Stored dataset items:
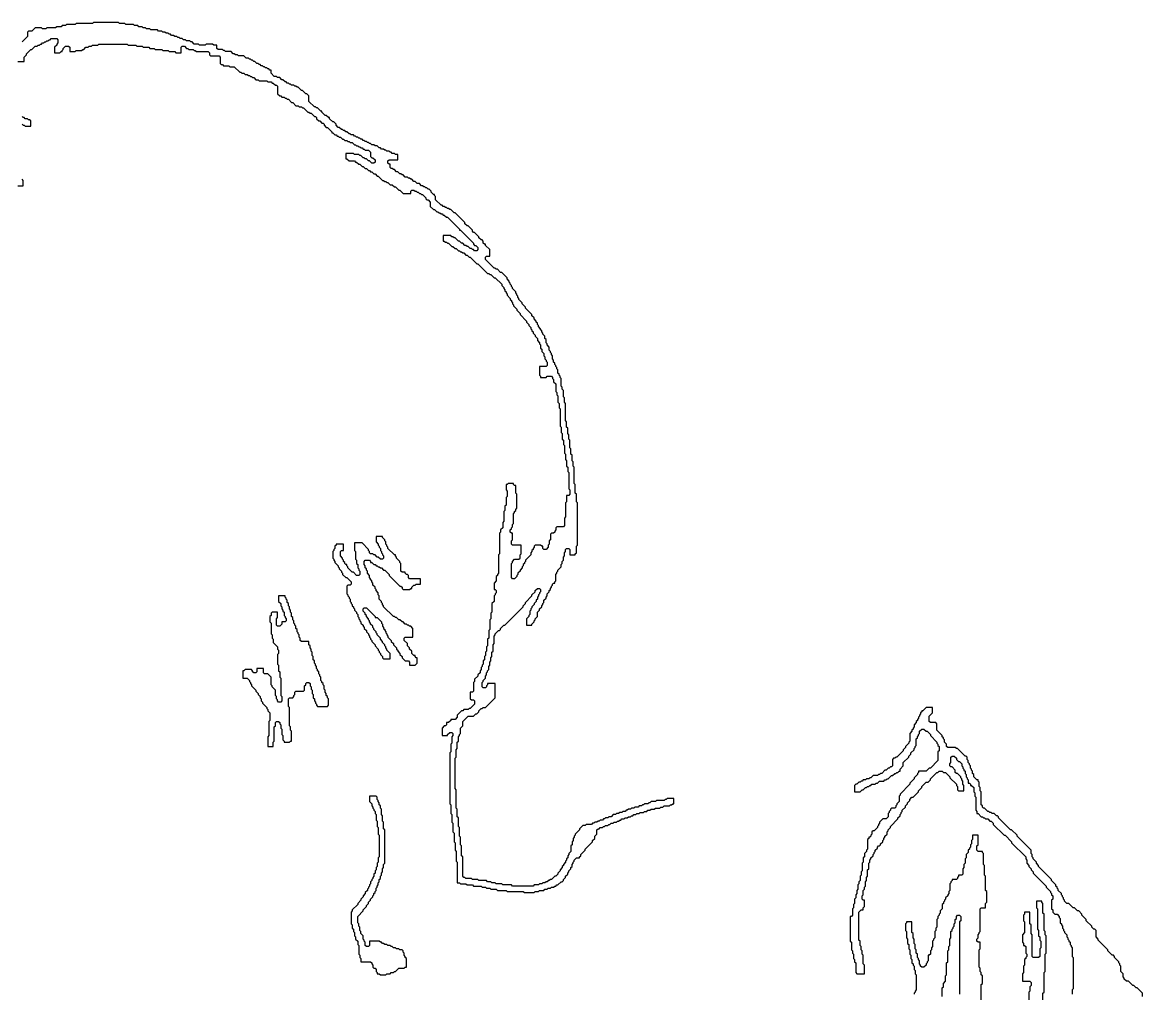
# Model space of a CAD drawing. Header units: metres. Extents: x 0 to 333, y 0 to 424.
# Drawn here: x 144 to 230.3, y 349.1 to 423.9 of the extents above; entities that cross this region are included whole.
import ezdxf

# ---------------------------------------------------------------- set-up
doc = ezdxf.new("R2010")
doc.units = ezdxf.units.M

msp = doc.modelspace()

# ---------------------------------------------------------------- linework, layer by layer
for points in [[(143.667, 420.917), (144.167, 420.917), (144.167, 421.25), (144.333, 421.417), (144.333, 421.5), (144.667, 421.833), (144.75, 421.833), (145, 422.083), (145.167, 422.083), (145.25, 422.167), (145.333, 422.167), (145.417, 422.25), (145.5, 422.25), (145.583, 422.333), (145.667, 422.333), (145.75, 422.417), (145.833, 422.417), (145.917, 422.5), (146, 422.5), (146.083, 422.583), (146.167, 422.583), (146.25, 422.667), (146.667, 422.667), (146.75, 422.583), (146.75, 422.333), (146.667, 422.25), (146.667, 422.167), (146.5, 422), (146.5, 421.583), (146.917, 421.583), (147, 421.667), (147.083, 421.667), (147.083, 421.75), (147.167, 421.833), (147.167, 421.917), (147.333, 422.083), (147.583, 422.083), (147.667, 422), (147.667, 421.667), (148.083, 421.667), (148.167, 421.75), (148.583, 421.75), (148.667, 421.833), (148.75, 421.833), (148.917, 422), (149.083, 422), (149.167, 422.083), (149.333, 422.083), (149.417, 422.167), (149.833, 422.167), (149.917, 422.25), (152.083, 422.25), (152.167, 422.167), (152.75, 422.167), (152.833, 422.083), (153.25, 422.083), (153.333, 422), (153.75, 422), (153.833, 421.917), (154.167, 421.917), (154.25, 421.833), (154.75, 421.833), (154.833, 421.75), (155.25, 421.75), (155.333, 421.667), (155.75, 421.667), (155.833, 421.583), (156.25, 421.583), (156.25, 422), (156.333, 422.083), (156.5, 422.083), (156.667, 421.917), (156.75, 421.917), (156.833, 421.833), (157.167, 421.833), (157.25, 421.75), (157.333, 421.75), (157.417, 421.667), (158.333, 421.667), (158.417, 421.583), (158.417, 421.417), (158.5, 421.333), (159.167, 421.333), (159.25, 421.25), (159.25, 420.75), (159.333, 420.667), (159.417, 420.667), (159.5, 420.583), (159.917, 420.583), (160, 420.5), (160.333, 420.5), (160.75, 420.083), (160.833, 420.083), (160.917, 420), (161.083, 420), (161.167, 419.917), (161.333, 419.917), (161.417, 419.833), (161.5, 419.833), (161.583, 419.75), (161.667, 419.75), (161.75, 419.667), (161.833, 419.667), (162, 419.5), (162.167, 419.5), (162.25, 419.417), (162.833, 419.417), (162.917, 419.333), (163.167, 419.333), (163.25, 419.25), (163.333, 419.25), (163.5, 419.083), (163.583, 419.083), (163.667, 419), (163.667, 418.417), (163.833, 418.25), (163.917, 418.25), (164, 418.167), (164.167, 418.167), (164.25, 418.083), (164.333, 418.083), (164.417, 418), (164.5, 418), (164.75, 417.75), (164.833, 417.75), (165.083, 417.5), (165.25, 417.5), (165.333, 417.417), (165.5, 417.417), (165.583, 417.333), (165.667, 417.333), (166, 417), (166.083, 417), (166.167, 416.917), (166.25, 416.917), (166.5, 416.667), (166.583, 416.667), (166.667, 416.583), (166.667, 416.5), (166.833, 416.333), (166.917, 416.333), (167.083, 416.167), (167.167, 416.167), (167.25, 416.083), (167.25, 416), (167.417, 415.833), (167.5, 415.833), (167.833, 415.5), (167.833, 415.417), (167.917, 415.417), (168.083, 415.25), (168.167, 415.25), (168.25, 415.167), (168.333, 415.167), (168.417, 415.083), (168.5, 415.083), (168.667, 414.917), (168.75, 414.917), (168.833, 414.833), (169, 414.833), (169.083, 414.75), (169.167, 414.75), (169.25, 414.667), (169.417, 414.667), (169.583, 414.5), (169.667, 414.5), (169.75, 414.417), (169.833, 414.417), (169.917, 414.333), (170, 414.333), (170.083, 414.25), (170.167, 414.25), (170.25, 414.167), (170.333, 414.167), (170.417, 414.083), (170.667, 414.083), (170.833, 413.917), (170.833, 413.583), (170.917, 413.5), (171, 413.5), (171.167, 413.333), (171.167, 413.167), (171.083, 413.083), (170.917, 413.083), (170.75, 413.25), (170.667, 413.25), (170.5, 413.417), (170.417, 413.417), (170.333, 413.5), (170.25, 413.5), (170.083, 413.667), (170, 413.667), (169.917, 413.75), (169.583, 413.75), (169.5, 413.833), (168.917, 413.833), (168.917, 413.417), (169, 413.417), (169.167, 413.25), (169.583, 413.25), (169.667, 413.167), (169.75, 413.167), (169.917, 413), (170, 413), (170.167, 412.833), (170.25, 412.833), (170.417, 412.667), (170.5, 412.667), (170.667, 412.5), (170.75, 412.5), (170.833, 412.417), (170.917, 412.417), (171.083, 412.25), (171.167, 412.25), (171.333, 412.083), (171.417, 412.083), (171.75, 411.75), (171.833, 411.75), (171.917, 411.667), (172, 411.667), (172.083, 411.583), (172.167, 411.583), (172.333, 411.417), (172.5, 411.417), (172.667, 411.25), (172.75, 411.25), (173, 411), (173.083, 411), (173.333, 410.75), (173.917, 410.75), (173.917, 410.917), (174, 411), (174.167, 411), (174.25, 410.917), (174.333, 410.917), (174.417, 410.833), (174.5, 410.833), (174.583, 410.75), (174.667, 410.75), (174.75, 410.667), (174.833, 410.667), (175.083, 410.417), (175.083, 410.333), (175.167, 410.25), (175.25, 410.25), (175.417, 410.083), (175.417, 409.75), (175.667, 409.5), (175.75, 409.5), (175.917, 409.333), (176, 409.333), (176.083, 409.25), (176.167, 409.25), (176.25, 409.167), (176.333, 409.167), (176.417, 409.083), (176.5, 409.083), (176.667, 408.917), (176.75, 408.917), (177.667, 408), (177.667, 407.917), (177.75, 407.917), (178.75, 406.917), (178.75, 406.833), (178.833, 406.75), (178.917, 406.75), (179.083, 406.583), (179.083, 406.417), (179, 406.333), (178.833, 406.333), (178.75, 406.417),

--- Action item ---
The expected answer is one number: how many lines above contain "units".

--- Task solution ---
2